Binomial Heap is defined as an extension of Binary Heap that provides faster merge or union operation together with other operations provided by Binary Heap.
A Binomial Heap is treated as a collection of Binomial Trees.
What is a Binomial Tree?
A Binomial Tree of order k can be built by taking two binomial trees of order k-1 and treating one as leftmost child or other.
A Binomial Tree of order k has below properties.
The number of nodes of Binomial Tree has exactly 2k.
The depth of Binomial Tree is k.
There are exactly kCi nodes at depth i where i = 0, 1, . . . , k.

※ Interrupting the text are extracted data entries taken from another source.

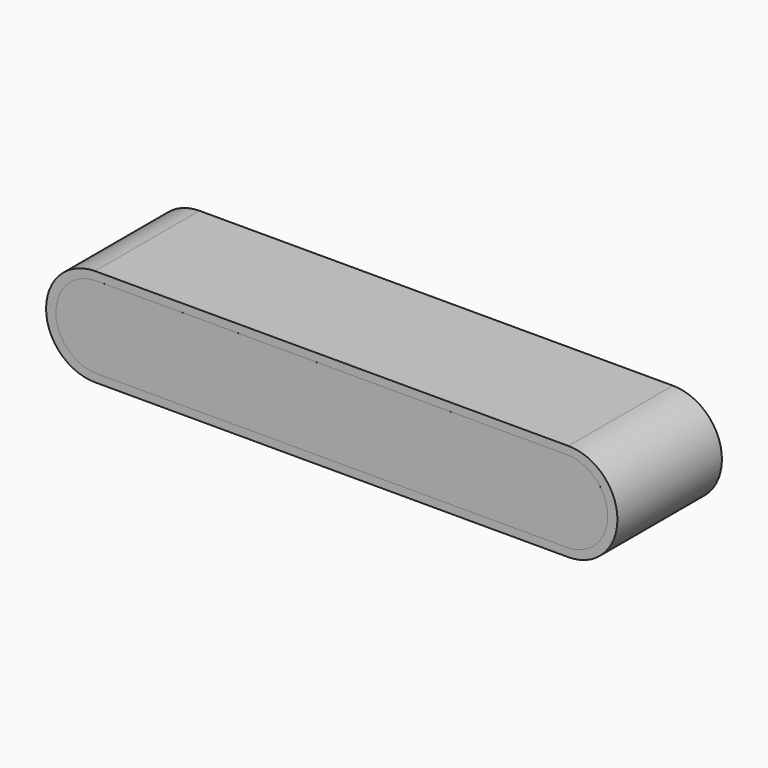
from build123d import *

# Parameters (mm, degrees)
F0_W     = 175
F0_H     = 40
F1_DEPTH = 15
F3_DEPTH = 50.8
F5_DEPTH = 0.001


# Not quite as in the source:
# - a feature names something its author has since deleted; it is built from what else it names


with BuildPart() as f1:
    # F0 (on Top) → F1 (new body, symmetric)
    with BuildSketch(Plane.XY):
        Rectangle(F0_W, F0_H)
    extrude(amount=F1_DEPTH, both=True)

    # F2 (on face) → F3 (cut)
    with BuildSketch(Plane.XZ.offset(20)):
        with BuildLine():
            ThreePointArc((-87.5, 0), (-83.1066017178, 10.6066017178), (-72.5, 15))
            Line((-72.5, 15), (-87.5, 15))
            Line((-87.5, 15), (-87.5, 0))
        make_face()
        with BuildLine():
            Line((-87.5, -15), (-72.5, -15))
            ThreePointArc((-72.5, -15), (-83.1066017178, -10.6066017178), (-87.5, 0))
            Line((-87.5, 0), (-87.5, -15))
        make_face()
        with BuildLine():
            ThreePointArc((87.5, 0), (83.1066017178, -10.6066017178), (72.5, -15))
            Line((72.5, -15), (87.5, -15))
            Line((87.5, -15), (87.5, 0))
        make_face()
        with BuildLine():
            Line((87.5, 15), (72.5, 15))
            ThreePointArc((72.5, 15), (83.1066017178, 10.6066017178), (87.5, 0))
            Line((87.5, 0), (87.5, 15))
        make_face()
    extrude(amount=-F3_DEPTH, mode=Mode.SUBTRACT)

    # F4 (on face) → F5 (join)
    with BuildSketch(Plane.XZ.offset(20)):
        with BuildLine():
            Line((72, 12.5), (-72, 12.5))
            ThreePointArc((-72, 12.5), (-84.5, 0), (-72, -12.5))
            Line((-72, -12.5), (0, -12.5))
            Line((0, -12.5), (72, -12.5))
            ThreePointArc((72, -12.5), (84.5, 0), (72, 12.5))
        make_face()
    extrude(amount=F5_DEPTH)


solid = f1.part

The root with degree k and children of root are themselves treated as Binomial Trees with order k-1, k-2,..0 from left to right.
Binomial Heap −
A Binomial Heap is defined as a set of Binomial Trees where each Binomial Tree follows Min Heap property. And having any degree, there can be maximum one Binomial Tree of any degree.
Examples Binomial Heap −
A Binomial Heap having 12 nodes. It is treated as a collection of 2
From left to right Binomial Trees of orders 2 and 3
Binomial Heaps and Binary Representation of a number
A Binomial Heap having m nodes has the number of Binomial Trees equal to the number of set bits in the Binary representation of m. For example, suppose m be 13, there 3 set bits in the binary representation of m (00001101), that indicating 3 Binomial Trees. We can also be able to relate the degree of these Binomial Trees with positions of set bits. With the help of this relation, we can decide or conclude that there are O(logm) Binomial Trees in a Binomial Heap with ‘m’ nodes
Operations of Binomial Heap −
union() is the main operation in Binomial Heap, all other operations mainly implement this operation. The union() operation is responsible to combine two Binomial Heaps into one.
insert(h, K)− Inserts a key ‘K’ to Binomial Heap ‘h’. At first, this operation is able to create a Binomial Heap with single key ‘K’, then calls union on h and the new Binomial heap.
getMin(h)− A simple method to getMin() is to visit the list of root of Binomial Trees and return the smallest key.
This application requires O(logm) time. It can be improved to O(1) by maintaining a pointer to smallest key root.
extractMin(h)− This operation also implements union(). At first, we call getMin() to calculate the smallest key Binomial Tree, next we remove the node and create a new Binomial Heap by combining all subtrees of the removed smallest node. At last, we call union() on h as well as the newly created Binomial Heap. This operation requires O(logm) time.
delete(h)− Same as Binary Heap, at first, delete operation reduces the key to minus infinite, next calls extractMin().
decreaseKey(h)− decreaseKey() is also same as Binary Heap. At first, we compare the decreases key with it parent and if parent’s key is more, then we exchange keys and recur for the parent. At last, we stop when we either reach a node whose parent has a smaller key or we arrive the root node. Time complexity of decreaseKey() is O(logm).